[Work request]
Return the records verbatim.

::::

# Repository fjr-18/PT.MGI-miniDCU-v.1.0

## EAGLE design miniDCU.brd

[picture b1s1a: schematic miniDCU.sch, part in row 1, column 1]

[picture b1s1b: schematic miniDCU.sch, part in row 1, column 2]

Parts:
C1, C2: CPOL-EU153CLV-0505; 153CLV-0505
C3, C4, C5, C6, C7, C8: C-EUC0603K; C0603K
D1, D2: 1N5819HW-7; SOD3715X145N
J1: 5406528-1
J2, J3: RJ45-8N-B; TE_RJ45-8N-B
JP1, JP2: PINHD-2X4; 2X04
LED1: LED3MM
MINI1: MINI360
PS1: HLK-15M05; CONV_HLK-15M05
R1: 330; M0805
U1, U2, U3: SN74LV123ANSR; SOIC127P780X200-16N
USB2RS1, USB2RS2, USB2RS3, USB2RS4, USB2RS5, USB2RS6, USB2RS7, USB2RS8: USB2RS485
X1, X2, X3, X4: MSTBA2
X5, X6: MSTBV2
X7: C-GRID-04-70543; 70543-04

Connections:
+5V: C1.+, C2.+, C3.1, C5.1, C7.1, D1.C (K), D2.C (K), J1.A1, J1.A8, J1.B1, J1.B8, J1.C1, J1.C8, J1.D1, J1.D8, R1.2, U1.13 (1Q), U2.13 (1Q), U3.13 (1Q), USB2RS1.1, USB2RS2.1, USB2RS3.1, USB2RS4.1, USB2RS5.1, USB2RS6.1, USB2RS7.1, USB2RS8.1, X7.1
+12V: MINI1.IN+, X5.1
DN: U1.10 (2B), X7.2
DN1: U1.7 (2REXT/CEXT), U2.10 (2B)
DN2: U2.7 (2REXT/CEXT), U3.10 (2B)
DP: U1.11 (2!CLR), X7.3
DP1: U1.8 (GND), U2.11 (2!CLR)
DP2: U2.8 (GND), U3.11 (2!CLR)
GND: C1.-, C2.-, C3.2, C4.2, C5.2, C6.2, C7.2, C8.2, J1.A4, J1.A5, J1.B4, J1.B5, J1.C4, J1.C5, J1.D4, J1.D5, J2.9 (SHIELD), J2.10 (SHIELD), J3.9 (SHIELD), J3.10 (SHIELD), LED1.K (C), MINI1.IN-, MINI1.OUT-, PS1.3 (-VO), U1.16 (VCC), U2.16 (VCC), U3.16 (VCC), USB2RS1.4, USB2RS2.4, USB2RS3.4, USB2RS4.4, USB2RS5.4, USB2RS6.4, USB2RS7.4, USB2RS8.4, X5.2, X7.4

::::

[Task response]
# Repository fjr-18/PT.MGI-miniDCU-v.1.0

## EAGLE design miniDCU.brd

[picture b1s1a: schematic miniDCU.sch, part in row 1, column 1]

[picture b1s1b: schematic miniDCU.sch, part in row 1, column 2]

Parts:
C1, C2: CPOL-EU153CLV-0505; 153CLV-0505
C3, C4, C5, C6, C7, C8: C-EUC0603K; C0603K
D1, D2: 1N5819HW-7; SOD3715X145N
J1: 5406528-1
J2, J3: RJ45-8N-B; TE_RJ45-8N-B
JP1, JP2: PINHD-2X4; 2X04
LED1: LED3MM
MINI1: MINI360
PS1: HLK-15M05; CONV_HLK-15M05
R1: 330; M0805
U1, U2, U3: SN74LV123ANSR; SOIC127P780X200-16N
USB2RS1, USB2RS2, USB2RS3, USB2RS4, USB2RS5, USB2RS6, USB2RS7, USB2RS8: USB2RS485
X1, X2, X3, X4: MSTBA2
X5, X6: MSTBV2
X7: C-GRID-04-70543; 70543-04

Connections:
+5V: C1.+, C2.+, C3.1, C5.1, C7.1, D1.C (K), D2.C (K), J1.A1, J1.A8, J1.B1, J1.B8, J1.C1, J1.C8, J1.D1, J1.D8, R1.2, U1.13 (1Q), U2.13 (1Q), U3.13 (1Q), USB2RS1.1, USB2RS2.1, USB2RS3.1, USB2RS4.1, USB2RS5.1, USB2RS6.1, USB2RS7.1, USB2RS8.1, X7.1
+12V: MINI1.IN+, X5.1
DN: U1.10 (2B), X7.2
DN1: U1.7 (2REXT/CEXT), U2.10 (2B)
DN2: U2.7 (2REXT/CEXT), U3.10 (2B)
DP: U1.11 (2!CLR), X7.3
DP1: U1.8 (GND), U2.11 (2!CLR)
DP2: U2.8 (GND), U3.11 (2!CLR)
GND: C1.-, C2.-, C3.2, C4.2, C5.2, C6.2, C7.2, C8.2, J1.A4, J1.A5, J1.B4, J1.B5, J1.C4, J1.C5, J1.D4, J1.D5, J2.9 (SHIELD), J2.10 (SHIELD), J3.9 (SHIELD), J3.10 (SHIELD), LED1.K (C), MINI1.IN-, MINI1.OUT-, PS1.3 (-VO), U1.16 (VCC), U2.16 (VCC), U3.16 (VCC), USB2RS1.4, USB2RS2.4, USB2RS3.4, USB2RS4.4, USB2RS5.4, USB2RS6.4, USB2RS7.4, USB2RS8.4, X5.2, X7.4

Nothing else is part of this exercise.